Well, in typical New Jersey fashion, this years prop work is already turning into a project! I got part of the fence up, two columns (that were broken last year when they blew over), the mausoleum and put 3 bodies out in the yard today to see how they looked and if that was where I'd like to leave them. I then started emptying the garage.....AGAIN...so I could make room. Got one side cleaned out enough to take out the air hockey table and pool table when someone got home to help me move them. The grandkids were taking costume pieces, skeleton pieces, everything and tossing them EVERYWHERE! Nap time comes for them, so that means I have to go inside. Came back outside after naps, cleaned it all back up and was ready to ,move the tables when my son got home. He tells me, "You do know it's supposed to rain tonight, don't you?" Well, obviously not or I wouldn't have started this stupid project. I was just going to leave the tables on the patio under a tarp until all the furniture was moved around to make room for them. Does he think I would have wasted an entire day if I knew it was going to rain? What a moron!!! SO, I put everything BACK in the garage, slam the door just as hubby gets home. He looks around and decides that I need to go out to dinner....I MAY have had a bad day!!! While at dinner, the winds pick up, the sky opens up and there is enough thunder and lightening to make the best of horror movies. We get home and ....TA DA.....one of the columns has blown over, the bride has blown over, the guy that I just hung in the tree to untangle and then forgot about is wrapped up on the higher branches so tomorrow I'll have to go get the damn ladder to untangle it, again! Ah....I just fricken LOVE setting up for Halloween. I can't wait to see what October has to bring!


----------



## HalloweenZombie (Jul 22, 2007)

Go Trisha! Go Trisha! *dancing poorly*


----------



## Evil Queen (Mar 8, 2008)

Somebody get this woman a drink stat!


----------



## morbidmike (Sep 11, 2009)

its not easy being a haunter!!!!!


----------



## Jaybo (Mar 2, 2009)

It's hard to build everything to withstand the nasty weather we get this time of year. I feel for you! Don't give up, make those other family members work!


----------



## RoxyBlue (Oct 6, 2008)

Trish, you need some minions to help you so you can relax a bit and not run up your blood pressure:jol:


----------



## sharpobject (May 7, 2008)

Pattie - I'll be happy to have a drink with you on Saturday


----------



## Death's Door (Mar 22, 2006)

I feel your pain Pattie. The weather in NJ is always unpredictable. Last night I was outside and it was as if the sky was divided - there was crazy lightening and thunder on one side and then there was a clear side with stars and moon. I have never seen the sky like that. Eventually the storm came in and covered the moon but man it was weird out last night.


----------



## trishaanne (Aug 20, 2005)

I'm happy to report that the bride, who was not finished yet, fell into the black mulch and mud. At least now she looks aged..lol. The kids allowed me to get 4 whole headstones out in the yard today before they acted up and we had to call it quits! Tomorrow is a complete redo of the house...rearranging and cleaning before the haunters get here at SEVEN O CLOCK IN THE MORNING on Saturday. Somehow I also have to get the yard done, get the tarp up onto the carport and get to the store to buy food to cook for the gang. Oh well....whatever gets done, gets done.


----------



## trishaanne (Aug 20, 2005)

Sorry to bore you with another story but here goes.... I think I may have desensitized the grandkids a bit TOOO much! One just came back from Disneyworld (the one that will be 3 in November). When she got to the Haunted Mansion ride she told one of the attendants, "this looks like grandma's house." Yeah, I WISH! Instead of being scared she was riding along saying, "that's fake, it's not scary", and calling all of the monsters, "aww, you're a little cutie." 
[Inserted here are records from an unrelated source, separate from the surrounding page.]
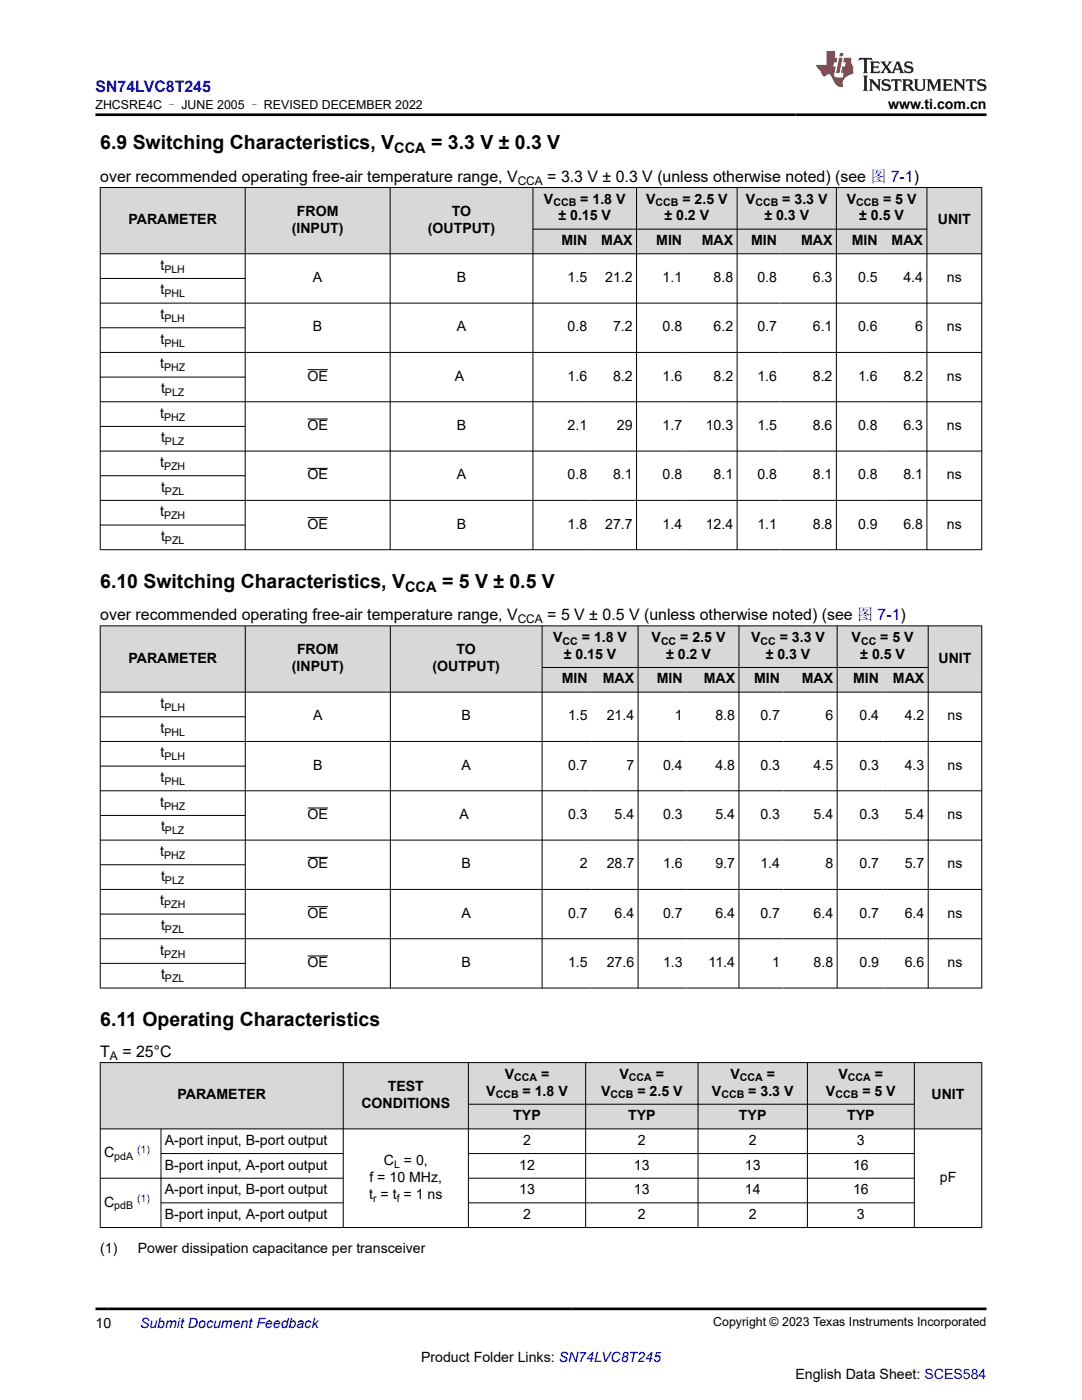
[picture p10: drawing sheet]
<svg xmlns="http://www.w3.org/2000/svg" width="216mm" height="279mm" viewBox="0 0 216 279" stroke-linecap="round" stroke-linejoin="round" font-family="sans-serif">
<g fill="#d8d8d8">
<path d="M20 37.4h175.9v8.3h-175.9z" fill-rule="evenodd"/>
<path d="M20.1 37.5h28.8v13.1h-28.8z" fill-rule="evenodd"/>
<path d="M49 37.5h28.8v13.1h-28.8z" fill-rule="evenodd"/>
<path d="M77.9 37.5h28.4v13.1h-28.4z" fill-rule="evenodd"/>
<path d="M106.4 37.5h20.6v8.2h-20.6z" fill-rule="evenodd"/>
<path d="M127.1 37.5h19.9v8.2h-19.9z" fill-rule="evenodd"/>
<path d="M147.1 37.5h19.7v8.2h-19.7z" fill-rule="evenodd"/>
<path d="M166.9 37.5h18v8.2h-18z" fill-rule="evenodd"/>
<path d="M185 37.5h10.8v13.1h-10.8z" fill-rule="evenodd"/>
<path d="M106.4 45.8h11.5v4.8h-11.5z" fill-rule="evenodd"/>
<path d="M117.9 45.8h9.1v4.8h-9.1z" fill-rule="evenodd"/>
<path d="M127.1 45.8h9.7v4.8h-9.7z" fill-rule="evenodd"/>
<path d="M136.8 45.8h10.2v4.8h-10.2z" fill-rule="evenodd"/>
<path d="M147.1 45.8h8.7v4.8h-8.7z" fill-rule="evenodd"/>
<path d="M155.8 45.8h11v4.8h-11z" fill-rule="evenodd"/>
<path d="M166.9 45.8h8.9v4.8h-8.9z" fill-rule="evenodd"/>
<path d="M175.8 45.8h9.1v4.8h-9.1z" fill-rule="evenodd"/>
</g>
<g fill="none" stroke="#000" stroke-width=".2">
<path d="M19.9 37.4h176.1M20 37.4v72.4M48.9 37.4v72.4M77.9 37.4v72.4M106.3 37.4v72.4M127 37.4v72.4M147.1 37.4v72.4M166.9 37.4v72.4M185 37.4v72.4M195.9 37.4v72.4M19.9 50.7h176.1M19.9 55.6h29.1"/>
<path d="M106.3 45.7h78.7M19.9 65.4h29.1M19.9 75.3h29.1M61.3 73.8h4.1M196 60.5h-176.1M196 70.3h-176.1M19.9 85.1h29.1M19.9 94.9h29.1M19.9 99.9h176.1M61.3 83.6h4.1M61.3 93.5h4.1M196 80.2h-176.1"/>
<path d="M196 90h-176.1M19.9 104.8h29.1M61.3 103.3h4.1M196 109.7h-176.1"/>
</g>
<g fill="#d8d8d8">
<path d="M20 124.9h175.9v8.3h-175.9z" fill-rule="evenodd"/>
<path d="M20.1 125h28.8v13.1h-28.8z" fill-rule="evenodd"/>
<path d="M49 125h28.8v13.1h-28.8z" fill-rule="evenodd"/>
<path d="M78 125h30.1v13.1h-30.1z" fill-rule="evenodd"/>
<path d="M108.2 125h19.1v8.1h-19.1z" fill-rule="evenodd"/>
<path d="M127.4 125h20v8.1h-20z" fill-rule="evenodd"/>
<path d="M147.5 125h19.5v8.1h-19.5z" fill-rule="evenodd"/>
<path d="M167.1 125h18.1v8.1h-18.1z" fill-rule="evenodd"/>
<path d="M185.3 125h10.5v13.1h-10.5z" fill-rule="evenodd"/>
<path d="M108.2 133.3h9.8v4.8h-9.8z" fill-rule="evenodd"/>
<path d="M118 133.3h9.3v4.8h-9.3z" fill-rule="evenodd"/>
<path d="M127.4 133.3h9.5v4.8h-9.5z" fill-rule="evenodd"/>
<path d="M136.9 133.3h10.5v4.8h-10.5z" fill-rule="evenodd"/>
<path d="M147.5 133.3h8.9v4.8h-8.9z" fill-rule="evenodd"/>
<path d="M156.4 133.3h10.6v4.8h-10.6z" fill-rule="evenodd"/>
<path d="M167.1 133.3h9v4.8h-9z" fill-rule="evenodd"/>
<path d="M176.1 133.3h9.1v4.8h-9.1z" fill-rule="evenodd"/>
</g>
<g fill="none" stroke="#000" stroke-width=".2">
<path d="M19.9 124.9h176.1M19.9 138.1h176.1M20 124.8v72.4M48.9 124.8v72.4M77.9 124.8v72.4M108.2 124.8v72.4M108.2 133.2h77.1M127.3 124.8v72.4M147.4 124.8v72.4M167 124.8v72.4M185.2 124.8v72.4M195.9 124.8v72.4"/>
<path d="M19.9 143.1h29.1M19.9 152.9h29.1M19.9 157.8h176.1M196 148h-176.1M19.9 162.7h29.1M19.9 167.7h176.1M19.9 172.6h29.1M61.4 161.3h4.1M61.4 171.1h4.1M196 177.5h-176.1M19.9 182.4h29.1M19.9 187.3h176.1"/>
<path d="M19.9 192.3h29.1M61.4 180.9h4.1M61.4 190.8h4.1M196 197.2h-176.1"/>
</g>
<g fill="#d8d8d8">
<path d="M20 212.1h175.9v8.3h-175.9z" fill-rule="evenodd"/>
<path d="M20.1 212.1h48.3v13.1h-48.3z" fill-rule="evenodd"/>
<path d="M68.6 212.1h24.8v13.1h-24.8z" fill-rule="evenodd"/>
<path d="M93.5 212.1h23.3v8.2h-23.3z" fill-rule="evenodd"/>
<path d="M116.9 212.1h22.3v8.2h-22.3z" fill-rule="evenodd"/>
<path d="M139.3 212.1h21.7v8.2h-21.7z" fill-rule="evenodd"/>
<path d="M161.2 212.1h21.2v8.2h-21.2z" fill-rule="evenodd"/>
<path d="M182.5 212.1h13.3v13.1h-13.3z" fill-rule="evenodd"/>
<path d="M93.5 220.4h23.3v4.8h-23.3z" fill-rule="evenodd"/>
<path d="M116.9 220.4h22.3v4.8h-22.3z" fill-rule="evenodd"/>
<path d="M139.3 220.4h21.7v4.8h-21.7z" fill-rule="evenodd"/>
<path d="M161.2 220.4h21.2v4.8h-21.2z" fill-rule="evenodd"/>
</g>
<g fill="none" stroke="#000" stroke-width=".2">
<path d="M19.9 212.1h176.1M20 212v33M68.5 212v33M93.5 212v33M116.9 212v33M139.3 212v33M161.1 212v33M182.4 212v33M195.9 212v33M19.9 225.3h176.1M32.1 225.3v19.7M32.1 230.2h36.5"/>
<path d="M68.6 235.1h-48.7M93.5 220.4h89M93.5 235.1h89M93.5 230.2h89M19.9 245h176.1M32.1 240.1h36.5M93.5 240.1h89"/>
</g>
<path d="M171.5 11.6l-.2 .5 .5-.2h.6v.1v2.2l-.2 .4h1l-.2-.4v-2.2v-.1h.5l.5 .2-.1-.5zM173.6 12.3l.2 .4v1.5l-.2 .4h1.9l.1-.6a1.08 1.08 0 0 1-1.3 .2v-.7h.6l.4 .2v-.7l-.4 .2h-.6v-.5l.2-.2a1 1 0 0 1 1 .3l-.1-.5zM175.7 12.3l.9 1.1-1 1.2h.9l-.2-.2 .5-.8 .4 .8-.2 .2h1.6l-.2-.2 .2-.5h.9l.1 .5-.1 .2h.9l-.2-.3-.8-2h-.5l-.9 2.2-.9-1.1 .9-1.1h-.8l.2 .2-.4 .6-.4-.6 .2-.2zM179 12.7l.4 1h-.7zM180.7 12.4a.65 .65 0 0 0-.2 .7 .65 .65 0 0 0 .6 .5l.6 .1 .1 .3a.79 .79 0 0 1-.7 .4 .79 .79 0 0 1-.7-.5l.1 .7 .2-.1a.93 .93 0 0 0 1.1 .1 .93 .93 0 0 0 .4-1 1.46 1.46 0 0 0-1.2-.6l-.1-.3a1.09 1.09 0 0 1 1.2 .2l-.2-.6-.1 .1-.5-.2zM172.2 15.1l.2 .4v2.2l-.2 .4h1l-.2-.4v-2.2l.2-.4zM173.4 15.8l.2 .4v1.5l-.2 .4h.8l-.3-.4 .1-1.3 1.6 1.8v-2l.2-.4h-.7l.1 .2 .1 1.1-1.2-1.3zM176.2 15.9a.65 .65 0 0 0-.2 .8 .65 .65 0 0 0 .6 .4l.6 .2 .1 .2a.79 .79 0 0 1-.7 .4 .79 .79 0 0 1-.7-.5l.1 .7 .2-.1a.93 .93 0 0 0 1.1 .1 .93 .93 0 0 0 .4-.9 1.46 1.46 0 0 0-1.2-.6l-.1-.4a1.09 1.09 0 0 1 1.2 .2l-.1-.6-.2 .1-.5-.1zM177.9 15.8l-.1 .6a.63 .63 0 0 1 .8-.3v1.6l-.3 .4h1l-.2-.4v-1.6a.66 .66 0 0 1 .8 .3l-.1-.6zM180 15.8l.2 .4v1.5l-.2 .4h1l-.2-.2-.1-.7h.5l.1 .2a.79 .79 0 0 0 1.2 .6l-1-.9a.61 .61 0 0 0 .6-.6 .61 .61 0 0 0-.5-.7zM180.8 16.1h.1a.47 .47 0 0 1 .5 .1 .47 .47 0 0 1 .1 .5l-.1 .1-.7 .1zM182.3 15.8l.2 .2a2.27 2.27 0 0 0 .4 2 1.04 1.04 0 0 0 1.7-.7v-1.3l.2-.2h-.8l.2 .4v1.1a.6 .6 0 0 1-.6 .6 .6 .6 0 0 1-.6-.6v-1.1l.3-.4zM184.9 15.8l.2 .4v1.5l-.2 .4h.8l-.3-.4v-1.4l.9 1.9 .9-1.9v1.4l-.3 .4h1l-.2-.4v-1.5l.2-.4h-.8l-.7 1.5-.6-1.5zM188.1 15.8l.2 .4v1.5l-.2 .4h1.9l.1-.6a1.09 1.09 0 0 1-1.3 .2v-.7h.6l.4 .2v-.6l-.4 .2h-.6v-.6l.2-.1a1.01 1.01 0 0 1 1 .3l-.1-.6zM190.2 15.8l.3 .4v1.5l-.3 .4h.8l-.2-.4v-1.3l1.6 1.8v-2l.2-.4h-.7l.2 .2v1.1l-1.2-1.3zM192.8 15.8l-.1 .6a.63 .63 0 0 1 .8-.3v1.6l-.3 .4h1l-.2-.4v-1.6a.66 .66 0 0 1 .8 .3l-.1-.6zM195.2 15.9a.65 .65 0 0 0-.2 .8 .65 .65 0 0 0 .6 .4l.6 .2 .2 .2a.79 .79 0 0 1-.7 .4 .79 .79 0 0 1-.7-.5l.1 .7 .2-.1a.93 .93 0 0 0 1 .1 .93 .93 0 0 0 .5-.9 1.46 1.46 0 0 0-1.3-.6v-.4a1.09 1.09 0 0 1 1.2 .2l-.2-.6-.2 .1-.5-.1z" fill="#231f20"/>
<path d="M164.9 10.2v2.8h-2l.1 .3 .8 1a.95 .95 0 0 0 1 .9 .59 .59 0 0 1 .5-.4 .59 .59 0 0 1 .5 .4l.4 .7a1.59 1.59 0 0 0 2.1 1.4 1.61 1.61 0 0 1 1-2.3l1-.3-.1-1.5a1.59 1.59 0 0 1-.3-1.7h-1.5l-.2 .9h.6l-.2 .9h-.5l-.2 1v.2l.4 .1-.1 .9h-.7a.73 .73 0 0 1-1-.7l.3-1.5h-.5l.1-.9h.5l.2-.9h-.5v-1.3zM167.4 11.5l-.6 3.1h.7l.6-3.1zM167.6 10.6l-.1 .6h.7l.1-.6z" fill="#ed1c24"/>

Now, I need you to move ahead to yesterday with me...I was putting Bela Lugosi's headstone out in the yard along with a few other headstones, feeling a bit glad that they were allowing me to work for a few minutes. I have a zombie ground breaker in the yard that is usually attached to the massager but I just stuck him on a piece of rebar in the yard just to get something out there. The girls are playing dressup, so one is dressed in a purple princess gown with a magic wand and dragonfly wings (her choice) and the other is dressed in a lady bug costume with a magic wand. I turn my back for FIVE seconds and next thing you know they are dragging a Disney princess pop up tent into the cemetery and setting it up right next to my nice new headstone! Yeah, this looks scary as hell! I then see them out with the zombie. They are waving the magic wand over it, saying "bibbity bobbity boo" and turning him into a handsome prince. They then call him a little cutie, kiss his head and go back into the tent to "order pizza." 

*SIGH* I'm NEVER going to get anything accomplished like this. I spend more time putting all the crap back where it started from! Oh well, I guess I should be flattered that they want to help, think that my house looks like the haunted mansion and that most of all, they are making me laugh! Looks like some all nighters are in my future so I can work when they aren't here..lol.

Now, back to cleaning out the garage and getting ready for tomorrows M&T.


----------



## trishaanne (Aug 20, 2005)

Seems like I just can't buy a break this year..lol. Friday we cleaned out the garage, Saturday the haunters were here and Sunday was finally my day to work in the yard. Got a few things accomplished but the amount of interruptions I had was amazing. One good interruption though was one of our actors from last year came by with 4 friends and volunteered to help and offered to help set up! All she asks is that we let her set up a small table out front somewhere because they have started a non-profit dog rescue. No problem...set up TEN tables if you want..just help me..lol.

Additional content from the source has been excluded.